Балашов, Филимонов, главный инженер управления и сам управляющий трестом представляли собой субподрядную организацию, ведущую на объекте подземные работы.

И им досталось на совещании больше всех.

Досталось именно за эти злополучные колодцы.

Представитель технадзора заказчика заявил, что в существующем состоянии он колодцы принять не может.

Следовательно, организация, занимающаяся электромонтажом, не может ставить на задвижки электрические приводы, при помощи которых они открываются и закрываются.

А раз не работают задвижки, невозможно провести испытание всей системы.

А так как невозможны испытания... и так далее.
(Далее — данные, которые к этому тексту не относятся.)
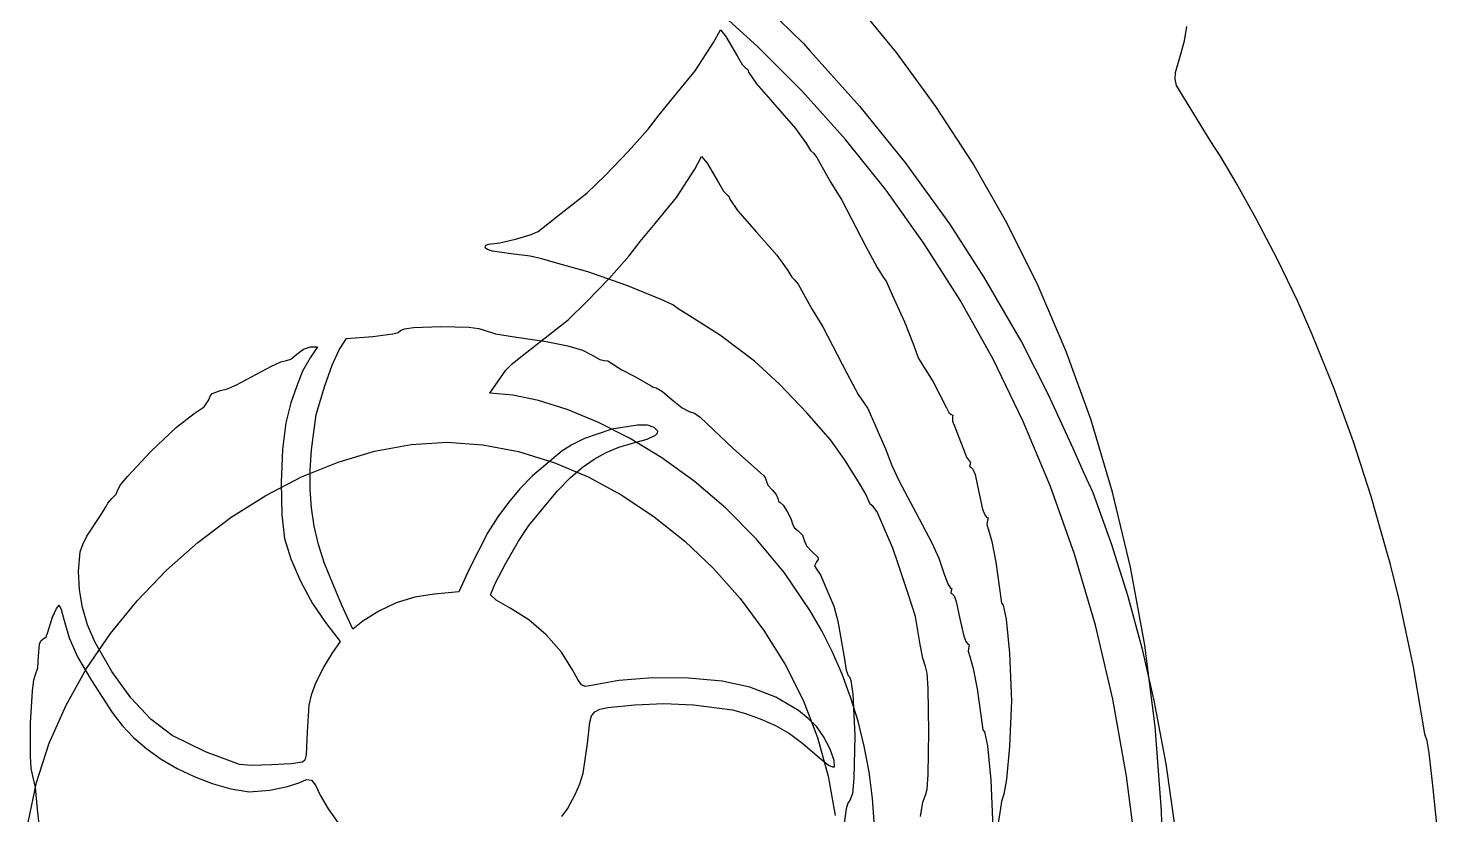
# Model space of a CAD drawing. Extents: x -80 to 1506, y -145 to 630.
# Drawn here: x 321.9 to 491.4, y 272.7 to 367.3 of the extents above; entities that cross this region are included whole.
import ezdxf

# ---------------------------------------------------------------- set-up
doc = ezdxf.new("R2010")
doc.units = 0

msp = doc.modelspace()

# ---------------------------------------------------------------- linework, layer by layer
at = {"layer": 'logo 3d printing', "color": 4}
for p, q in [((409.64042, 365.123231), (403.99861, 370.22859)), ((409.518346, 370.979273), (415.119933, 365.502893)), ((460.996118, 365.775287), (461.261396, 367.496514)), ((415.049407, 359.689843), (409.64042, 365.123231)), ((415.119933, 365.502893), (415.997475, 364.511249)), ((415.997475, 364.511249), (421.92055, 357.932289)), ((460.504145, 364.075864), (460.996118, 365.775287)), ((459.906973, 361.960115), (460.504145, 364.075864)), ((459.868434, 361.17628), (459.906973, 361.960115)), ((460.042232, 360.401472), (459.868434, 361.17628)), ((420.207552, 353.925291), (415.049407, 359.689843)), ((464.090371, 353.799024), (460.042232, 360.401472)), ((421.92055, 357.932289), (427.47596, 351.044507)), ((425.096832, 347.826437), (420.207552, 353.925291)), ((465.354839, 351.842208), (464.090371, 353.799024)), ((402.08914, 350.358199), (402.923671, 351.874015)), ((402.923671, 351.874015), (402.9248, 351.8752)), ((402.923671, 351.874015), (402.923671, 351.874015)), ((402.9248, 351.8752), (403.569706, 351.064912)), ((403.569706, 351.064912), (404.94554, 348.755854)), ((427.47596, 351.044507), (427.888287, 350.47233)), ((467.201419, 348.725064), (465.354839, 351.842208)), ((399.892217, 346.94826), (402.08914, 350.358199)), ((427.888287, 350.47233), (432.719678, 343.765149)), ((404.94554, 348.755854), (405.554099, 347.696967)), ((405.554099, 347.696967), (405.990637, 347.256549)), ((429.699228, 341.390147), (425.096832, 347.826437)), ((469.572763, 344.465286), (467.201419, 348.725064)), ((397.325003, 343.802036), (399.892217, 346.94826)), ((405.990637, 347.256549), (406.212216, 347.110276)), ((406.212216, 347.110276), (406.304298, 346.758793)), ((406.304298, 346.758793), (407.247344, 345.387786)), ((407.247344, 345.387786), (409.514576, 342.790043)), ((472.150779, 339.508194), (469.572763, 344.465286)), ((395.548414, 341.639621), (397.325003, 343.802036)), ((409.514576, 342.790043), (411.945917, 340.001804)), ((432.719678, 343.765149), (436.913962, 337.279894)), ((394.226121, 339.927322), (395.548414, 341.639621)), ((433.996719, 334.613283), (429.699228, 341.390147)), ((391.812593, 337.225059), (394.226121, 339.927322)), ((411.945917, 340.001804), (413.283767, 338.172521)), ((474.608652, 334.423255), (472.150779, 339.508194)), ((413.283767, 338.172521), (413.753963, 337.362783)), ((413.753963, 337.362783), (414.099022, 337.025993)), ((389.09354, 334.381761), (391.812593, 337.225059)), ((414.099022, 337.025993), (414.515244, 336.533755)), ((414.515244, 336.533755), (415.156255, 335.350299)), ((436.913962, 337.279894), (440.79445, 330.604901)), ((386.854672, 332.246362), (389.09354, 334.381761)), ((415.156255, 335.350299), (416.218455, 333.493813)), ((437.971284, 327.49271), (433.996719, 334.613283)), ((476.337263, 330.460545), (474.608652, 334.423255)), ((383.729258, 329.776918), (386.854672, 332.246362)), ((416.218455, 333.493813), (417.514726, 331.38937)), ((417.514726, 331.38937), (420.400508, 325.825299)), ((440.79445, 330.604901), (441.383674, 329.584583)), ((380.999097, 327.616704), (383.729258, 329.776918)), ((441.383674, 329.584583), (444.605258, 323.270228)), ((478.936087, 324.049753), (476.337263, 330.460545)), ((380.141547, 326.934315), (380.999097, 327.616704)), ((441.604902, 320.025293), (437.971284, 327.49271)), ((377.469852, 323.412835), (379.391584, 326.175085)), ((379.391584, 326.175085), (380.141547, 326.934315)), ((420.400508, 325.825299), (421.761479, 323.271516)), ((481.302021, 317.551788), (478.936087, 324.049753)), ((380.200865, 323.182071), (377.469852, 323.412835)), ((383.323535, 322.52636), (380.200865, 323.182071)), ((386.758544, 321.444246), (383.323535, 322.52636)), ((421.761479, 323.271516), (422.472527, 322.209327)), ((422.472527, 322.209327), (422.901858, 321.561651)), ((444.605258, 323.270228), (447.547379, 316.822861)), ((390.426576, 319.934274), (386.758544, 321.444246)), ((422.901858, 321.561651), (423.585442, 320.004465)), ((394.248316, 317.994987), (390.426576, 319.934274)), ((423.585442, 320.004465), (425.04837, 316.741271)), ((444.879553, 312.207894), (441.604902, 320.025293)), ((363.601487, 316.448834), (367.992696, 317.250244)), ((367.992696, 317.250244), (372.323981, 317.509875)), ((372.323981, 317.509875), (376.617834, 317.216748)), ((376.617834, 317.216748), (380.902683, 316.402752)), ((398.144448, 315.624931), (394.248316, 317.994987)), ((483.432884, 310.972994), (481.302021, 317.551788)), ((359.196238, 315.138717), (363.601487, 316.448834)), ((380.902683, 316.402752), (385.141546, 315.099113)), ((402.035655, 312.822649), (398.144448, 315.624931)), ((425.04837, 316.741271), (425.812534, 314.708013)), ((447.547379, 316.822861), (448.976129, 313.654465)), ((354.822831, 313.352967), (359.196238, 315.138717)), ((385.141546, 315.099113), (389.297441, 313.33706)), ((425.812534, 314.708013), (426.705927, 312.769457)), ((448.976129, 313.654465), (449.955073, 311.477714)), ((350.527152, 311.124657), (354.822831, 313.352967)), ((389.297441, 313.33706), (393.333387, 311.14782)), ((405.842622, 309.586687), (402.035655, 312.822649)), ((426.705927, 312.769457), (428.688221, 309.071677)), ((447.777216, 304.037377), (444.879553, 312.207894)), ((346.355083, 308.486858), (350.527152, 311.124657)), ((393.333387, 311.14782), (397.212401, 308.56262)), ((449.955073, 311.477714), (452.167129, 305.332477)), ((485.326492, 304.319711), (483.432884, 310.972994)), ((397.212401, 308.56262), (400.897502, 305.612688)), ((409.486032, 305.915589), (405.842622, 309.586687)), ((428.688221, 309.071677), (430.610894, 305.438382)), ((342.352509, 305.472645), (346.355083, 308.486858)), ((338.565314, 302.11509), (342.352509, 305.472645)), ((400.897502, 305.612688), (404.351709, 302.329251)), ((412.886569, 301.8079), (409.486032, 305.915589)), ((430.610894, 305.438382), (431.429761, 303.580432)), ((452.167129, 305.332477), (454.128646, 299.106707)), ((431.429761, 303.580432), (432.089588, 301.660021)), ((450.27987, 295.510608), (447.777216, 304.037377)), ((485.743194, 302.806097), (485.326492, 304.319711)), ((335.03938, 298.447266), (338.565314, 302.11509)), ((404.351709, 302.329251), (407.538038, 298.743536)), ((415.964919, 297.262163), (412.886569, 301.8079)), ((486.822468, 298.461399), (485.743194, 302.806097)), ((432.089588, 301.660021), (432.511768, 300.476564)), ((432.511768, 300.476564), (432.860732, 299.984327)), ((331.820592, 294.502246), (335.03938, 298.447266)), ((407.538038, 298.743536), (410.419509, 294.886772)), ((432.860732, 299.984327), (433.006017, 299.880698)), ((432.939021, 299.631549), (432.883243, 299.382399)), ((432.883243, 299.382399), (433.055324, 299.278771)), ((433.006017, 299.880698), (432.939021, 299.631549)), ((433.055324, 299.278771), (433.28632, 299.035588)), ((433.28632, 299.035588), (433.541152, 298.380398)), ((433.541152, 298.380398), (433.984118, 296.28016)), ((454.128646, 299.106707), (455.837412, 292.807944)), ((488.522193, 290.490995), (486.822468, 298.461399)), ((417.358486, 294.824572), (415.964919, 297.262163)), ((433.984118, 296.28016), (434.436277, 294.208529)), ((452.369494, 286.62445), (450.27987, 295.510608)), ((328.954835, 290.313103), (331.820592, 294.502246)), ((410.419509, 294.886772), (412.95914, 290.790184)), ((418.641763, 292.276924), (417.358486, 294.824572)), ((434.436277, 294.208529), (434.702648, 293.53546)), ((434.702648, 293.53546), (434.939384, 293.281549)), ((434.939384, 293.281549), (435.105267, 293.167785)), ((419.804835, 289.619036), (418.641763, 292.276924)), ((435.034718, 292.894594), (434.976686, 292.398419)), ((434.976686, 292.398419), (435.172527, 291.748066)), ((435.105267, 293.167785), (435.034718, 292.894594)), ((435.172527, 291.748066), (435.568815, 290.324609)), ((455.837412, 292.807944), (457.291214, 286.443728)), ((326.48799, 285.91291), (328.954835, 290.313103)), ((412.95914, 290.790184), (415.119949, 286.485001)), ((435.568815, 290.324609), (436.055855, 287.863803)), ((489.882829, 282.455758), (488.522193, 290.490995)), ((420.837787, 286.850726), (419.804835, 289.619036)), ((415.119949, 286.485001), (416.864953, 282.002451)), ((421.730706, 283.971814), (420.837787, 286.850726)), ((436.055855, 287.863803), (436.643187, 283.517873)), ((454.028069, 277.375766), (452.369494, 286.62445)), ((324.465943, 281.334739), (326.48799, 285.91291)), ((457.291214, 286.443728), (458.731595, 278.850338)), ((422.473675, 280.982115), (421.730706, 283.971814)), ((436.643187, 283.517873), (436.731248, 282.938965)), ((416.864953, 282.002451), (418.157172, 277.373759)), ((436.731248, 282.938965), (436.943048, 282.698215)), ((436.943048, 282.698215), (437.282989, 280.994299)), ((489.895529, 282.428665), (489.882829, 282.455758)), ((490.167771, 281.598188), (489.895529, 282.428665)), ((490.4235, 280.181354), (490.167771, 281.598188)), ((322.934577, 276.611665), (324.465943, 281.334739)), ((423.056781, 277.88145), (422.473675, 280.982115)), ((437.282989, 280.994299), (437.678915, 276.897787)), ((490.87834, 275.867563), (490.4235, 280.181354)), ((458.731595, 278.850338), (459.807508, 271.19766)), ((321.939776, 271.776758), (322.934577, 276.611665)), ((418.157172, 277.373759), (418.959624, 272.630155)), ((423.47011, 274.669636), (423.056781, 277.88145)), ((437.678915, 276.897787), (437.93803, 271.179763)), ((455.237572, 267.761421), (454.028069, 277.375766)), ((423.703747, 271.34649), (423.47011, 274.669636)), ((491.44788, 270.437718), (490.87834, 275.867563))]:
    msp.add_line(p, q, dxfattribs=at)
at = {"layer": 'owl face', "color": 4}
for p, q in [((426.348246, 364.378358), (421.311639, 370.509332)), ((404.346918, 365.598174), (405.181449, 367.114018)), ((405.181449, 367.114018), (405.18255, 367.115175)), ((405.181449, 367.114018), (405.181449, 367.114018)), ((405.18255, 367.115175), (405.827484, 366.304886)), ((405.827484, 366.304886), (407.203317, 363.995857)), ((402.14998, 362.188248), (404.346918, 365.598174)), ((407.203317, 363.995857), (407.811877, 362.93697)), ((407.811877, 362.93697), (408.248414, 362.496552)), ((431.091742, 357.898686), (426.348246, 364.378358)), ((399.582753, 359.042039), (402.14998, 362.188248)), ((408.248414, 362.496552), (408.46998, 362.350279)), ((408.46998, 362.350279), (408.562048, 361.998796)), ((408.562048, 361.998796), (409.505094, 360.627789)), ((409.505094, 360.627789), (411.772326, 358.030046)), ((397.806192, 356.879596), (399.582753, 359.042039)), ((411.772326, 358.030046), (414.203681, 355.241807)), ((435.523141, 351.067013), (431.091742, 357.898686)), ((396.483902, 355.167297), (397.806192, 356.879596)), ((394.070378, 352.465033), (396.483902, 355.167297)), ((414.203681, 355.241807), (415.541545, 353.412524)), ((415.541545, 353.412524), (416.011741, 352.602786)), ((416.011741, 352.602786), (416.3568, 352.265996)), ((391.351318, 349.621736), (394.070378, 352.465033)), ((416.3568, 352.265996), (416.773021, 351.773758)), ((416.773021, 351.773758), (417.414033, 350.590302)), ((439.623456, 343.880032), (435.523141, 351.067013)), ((389.112421, 347.486337), (391.351318, 349.621736)), ((417.414033, 350.590302), (418.476204, 348.733816)), ((418.476204, 348.733816), (419.77249, 346.629373)), ((385.987036, 345.016892), (389.112421, 347.486337)), ((419.77249, 346.629373), (422.658286, 341.065302)), ((383.256875, 342.856679), (385.987036, 345.016892)), ((380.556089, 341.941161), (382.307602, 342.447451)), ((382.307602, 342.447451), (383.256875, 342.856679)), ((443.373703, 336.334442), (439.623456, 343.880032)), ((376.898606, 340.887756), (376.964649, 341.199195)), ((377.162415, 340.6843), (376.898606, 340.887756)), ((376.964649, 341.199195), (377.329079, 341.328728)), ((377.329079, 341.328728), (378.67302, 341.510642)), ((378.67302, 341.510642), (380.556089, 341.941161)), ((422.658286, 341.065302), (424.019257, 338.511519)), ((377.793081, 340.493724), (377.162415, 340.6843)), ((380.014621, 340.183301), (377.793081, 340.493724)), ((382.31941, 339.899696), (380.014621, 340.183301)), ((383.690114, 339.58688), (382.31941, 339.899696)), ((385.630392, 339.018033), (383.690114, 339.58688)), ((389.242532, 338.014392), (385.630392, 339.018033)), ((393.91922, 336.372306), (389.242532, 338.014392)), ((424.019257, 338.511519), (424.730305, 337.449329)), ((424.730305, 337.449329), (425.159622, 336.801654)), ((398.067466, 334.69158), (393.91922, 336.372306)), ((425.159622, 336.801654), (425.843192, 335.244468)), ((446.754894, 328.426938), (443.373703, 336.334442)), ((399.445614, 334.024166), (398.067466, 334.69158)), ((400.094281, 333.572019), (399.445614, 334.024166)), ((425.843192, 335.244468), (427.306119, 331.981274)), ((401.457442, 332.704948), (400.094281, 333.572019)), ((405.171504, 330.361526), (401.457442, 332.704948)), ((365.799571, 330.536031), (366.445522, 330.729227)), ((366.445522, 330.729227), (366.720402, 330.951699)), ((366.720402, 330.951699), (367.190752, 331.160103)), ((367.190752, 331.160103), (368.286549, 331.31174)), ((368.286549, 331.31174), (371.552357, 331.441721)), ((371.552357, 331.442173), (374.913631, 331.336223)), ((371.552357, 331.441721), (371.552357, 331.442173)), ((371.552357, 331.441721), (371.552357, 331.441721)), ((374.913631, 331.336223), (376.128953, 331.192931)), ((376.128953, 331.192931), (376.766864, 330.988529)), ((376.766864, 330.988529), (378.116917, 330.564846)), ((378.116917, 330.564846), (380.65679, 330.134158)), ((427.306119, 331.981274), (428.358385, 329.33544)), ((355.062547, 328.721466), (355.896192, 328.982719)), ((356.729086, 328.982719), (355.834442, 327.66587)), ((355.896192, 328.982719), (356.729086, 328.982719)), ((355.896192, 328.982719), (355.896192, 328.982719)), ((359.337412, 328.610129), (360.205584, 329.985398)), ((360.205584, 329.985398), (363.37288, 330.232907)), ((363.37288, 330.232907), (365.799571, 330.536031)), ((380.65679, 330.134158), (384.219651, 329.624309)), ((384.219651, 329.624309), (386.813185, 329.123813)), ((386.813185, 329.123813), (388.608482, 328.592429)), ((409.266503, 327.282669), (405.171504, 330.361526)), ((428.358385, 329.33544), (429.017091, 327.571552)), ((351.200381, 326.649983), (352.331507, 327.182476)), ((352.331507, 327.182476), (353.019953, 327.330731)), ((353.019953, 327.330731), (353.528828, 327.502947)), ((353.528828, 327.502947), (354.228202, 328.093606)), ((354.228202, 328.093606), (355.062547, 328.721466)), ((355.834442, 327.66587), (354.939826, 326.059094)), ((358.473809, 326.781527), (359.337412, 328.610129)), ((388.608482, 328.592429), (389.776631, 327.989918)), ((389.776631, 327.989918), (390.671724, 327.468382)), ((390.671724, 327.468382), (391.220254, 327.360421)), ((391.220254, 327.360421), (391.630334, 327.314228)), ((391.630334, 327.314228), (392.192623, 326.941519)), ((412.290012, 324.491123), (409.266503, 327.282669)), ((429.017091, 327.571552), (430.758477, 324.774221)), ((449.748044, 320.154215), (446.754894, 328.426938)), ((347.007512, 324.400319), (351.200381, 326.649983)), ((354.939826, 326.059094), (354.211664, 324.169532)), ((357.616534, 324.316146), (358.473809, 326.781527)), ((392.192623, 326.941519), (393.236337, 326.255288)), ((393.236337, 326.255288), (394.803715, 325.454885)), ((345.077486, 323.727995), (345.925024, 323.945867)), ((345.925024, 323.945867), (347.007512, 324.400319)), ((354.211664, 324.169532), (353.535245, 322.246117)), ((356.574175, 320.868294), (357.616534, 324.316146)), ((394.803715, 325.454885), (396.861397, 324.308357)), ((396.861397, 324.308357), (397.082878, 324.121498)), ((397.082878, 324.121498), (397.450112, 324.043774)), ((397.450112, 324.043774), (398.214187, 323.62926)), ((415.577355, 321.067172), (412.290012, 324.491123)), ((430.758477, 324.774221), (432.364078, 321.662524)), ((343.110908, 321.77766), (343.651501, 322.628881)), ((343.651501, 322.628881), (343.810534, 323.056741)), ((343.810534, 323.056741), (344.07777, 323.36444)), ((344.07777, 323.36444), (345.077486, 323.727995)), ((353.535245, 322.246117), (352.932294, 319.86728)), ((398.214187, 323.62926), (399.389826, 322.632663)), ((399.389826, 322.632663), (400.596418, 321.636065)), ((339.788007, 319.317774), (341.904687, 320.980731)), ((341.904687, 320.980731), (343.110908, 321.77766)), ((356.026833, 316.601348), (356.574175, 320.868294)), ((400.596418, 321.636065), (401.434836, 321.221552)), ((401.434836, 321.221552), (402.052727, 321.02261)), ((402.052727, 321.02261), (402.729079, 320.54467)), ((402.729079, 320.54467), (406.73147, 316.752309)), ((418.415325, 317.790939), (415.577355, 321.067172)), ((432.364078, 321.662524), (432.63245, 321.101935)), ((432.63245, 321.101935), (432.948362, 320.868774)), ((432.948362, 320.868774), (433.133123, 320.768056)), ((433.086171, 320.525902), (433.083296, 320.047719)), ((433.133123, 320.768056), (433.086171, 320.525902)), ((336.704633, 316.38451), (339.788007, 319.317774)), ((352.932294, 319.86728), (352.527923, 316.644578)), ((392.138045, 319.071004), (388.844969, 317.964021)), ((395.210358, 319.588771), (392.138045, 319.071004)), ((396.4045, 319.560536), (395.210358, 319.588771)), ((397.232378, 319.305601), (396.4045, 319.560536)), ((397.660062, 318.837397), (397.232378, 319.305601)), ((397.611287, 318.606618), (397.660062, 318.837397)), ((433.083296, 320.047719), (433.373897, 319.379374)), ((433.373897, 319.379374), (434.347366, 316.900024)), ((452.334167, 311.512969), (449.748044, 320.154215)), ((387.374872, 317.255736), (386.160659, 316.479541)), ((388.844969, 317.964021), (387.374872, 317.255736)), ((392.968362, 316.918097), (394.621258, 317.3984)), ((394.621258, 317.3984), (396.378497, 317.901307)), ((396.378497, 317.901307), (397.383434, 318.375136)), ((397.383434, 318.375136), (397.611287, 318.606618)), ((420.090713, 315.442544), (418.415325, 317.790939)), ((333.92382, 313.45079), (336.704633, 316.38451)), ((352.527923, 316.644578), (352.360876, 312.664327)), ((355.860073, 314.160459), (356.026833, 316.601348)), ((386.160659, 316.479541), (382.587076, 313.459512)), ((388.550302, 314.484664), (389.980366, 315.498825)), ((389.980366, 315.498825), (391.437226, 316.297437)), ((391.437226, 316.297437), (392.968362, 316.918097)), ((406.73147, 316.752309), (410.347442, 313.51886)), ((421.766407, 312.740492), (420.090713, 315.442544)), ((434.347366, 316.900024), (434.769546, 315.716567)), ((434.769546, 315.716567), (435.11851, 315.224329)), ((355.849516, 311.852074), (355.860073, 314.160459)), ((387.099551, 313.217359), (388.550302, 314.484664)), ((435.11851, 315.224329), (435.26378, 315.120701)), ((435.19677, 314.871552), (435.140993, 314.622402)), ((435.140993, 314.622402), (435.313074, 314.518774)), ((435.26378, 315.120701), (435.19677, 314.871552)), ((435.313074, 314.518774), (435.54407, 314.27559)), ((435.54407, 314.27559), (435.798902, 313.6204)), ((435.798902, 313.6204), (436.241867, 311.520163)), ((332.714826, 311.786468), (333.043517, 312.380589)), ((333.043517, 312.380589), (333.92382, 313.45079)), ((352.360876, 312.664327), (352.440816, 308.800905)), ((381.064172, 311.907095), (379.681063, 310.280625)), ((382.587076, 313.459512), (381.064172, 311.907095)), ((385.580632, 311.659314), (387.099551, 313.217359)), ((410.347442, 313.51886), (410.581404, 313.288052)), ((410.581404, 313.288052), (410.678715, 312.898197)), ((410.678715, 312.898197), (410.885972, 312.365323)), ((410.885972, 312.365323), (411.38427, 311.790814)), ((422.655189, 311.27004), (421.766407, 312.740492)), ((331.303715, 309.788306), (331.510972, 310.205917)), ((331.510972, 310.205917), (332.00927, 310.732537)), ((332.00927, 310.732537), (332.507569, 311.291326)), ((332.507569, 311.291326), (332.714826, 311.786468)), ((356.004735, 309.626413), (355.849516, 311.852074)), ((379.681063, 310.280625), (378.41065, 308.545765)), ((382.148362, 307.520622), (385.580632, 311.659314)), ((411.38427, 311.790814), (411.882569, 311.231643)), ((411.882569, 311.231643), (412.089826, 310.735782)), ((412.089826, 310.735782), (412.16755, 310.416254)), ((412.16755, 310.416254), (412.354409, 310.282675)), ((412.354409, 310.282675), (412.727502, 309.956759)), ((423.024836, 310.418226), (422.655189, 311.27004)), ((423.169405, 310.072225), (423.024836, 310.418226)), ((436.241867, 311.520163), (436.694026, 309.448532)), ((454.494276, 302.499897), (452.334167, 311.512969)), ((328.992484, 306.228552), (330.642807, 308.720603)), ((330.642807, 308.720603), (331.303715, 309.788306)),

В общем, на Саньку и, следовательно, на его начальство посыпались все шишки.

Заместитель председателя Ленгорисполкома, присутствовавший на совещании, взялся за управляющего трестом. Санька Балашов был для него слишком мелкая сошка, хоть вообще-то по справедливости отвечать должен был Санька: он-то разбирался в этом вопросе скрупулезно и ему было что ответить — конкретно, по делу.

В большой голой, еще не оштукатуренной комнате будущего административного здания собралось человек тридцать деловых, очень занятых людей.

Прорабов можно было узнать по заляпанным грязью резиновым сапогам, по ватникам и брезентовым робам.

И вот при всем этом почтеннейшем собрании управляющего трестом грозного Петра Петровича ровным и тихим голосом отчитывали, как мальчишку.

Санька впервые и с изумлением наблюдал, как могучий, властный, кряжистый и уже немолодой человек — управляющий, всегда немногословный, грубоватый, суровый Петр Петрович — краснел, бледнел, мял, выкручивал, как тряпку, свою зеленую велюровую шляпу, бормотал извиняющимся голосом неубедительные слова, давал обещания, страдал, обливался потом.

Главный инженер был белый, как свежепобеленный потолок, и каждый раз вздрагивал, когда управляющий бросал на него короткие, исподлобья, свирепые взгляды.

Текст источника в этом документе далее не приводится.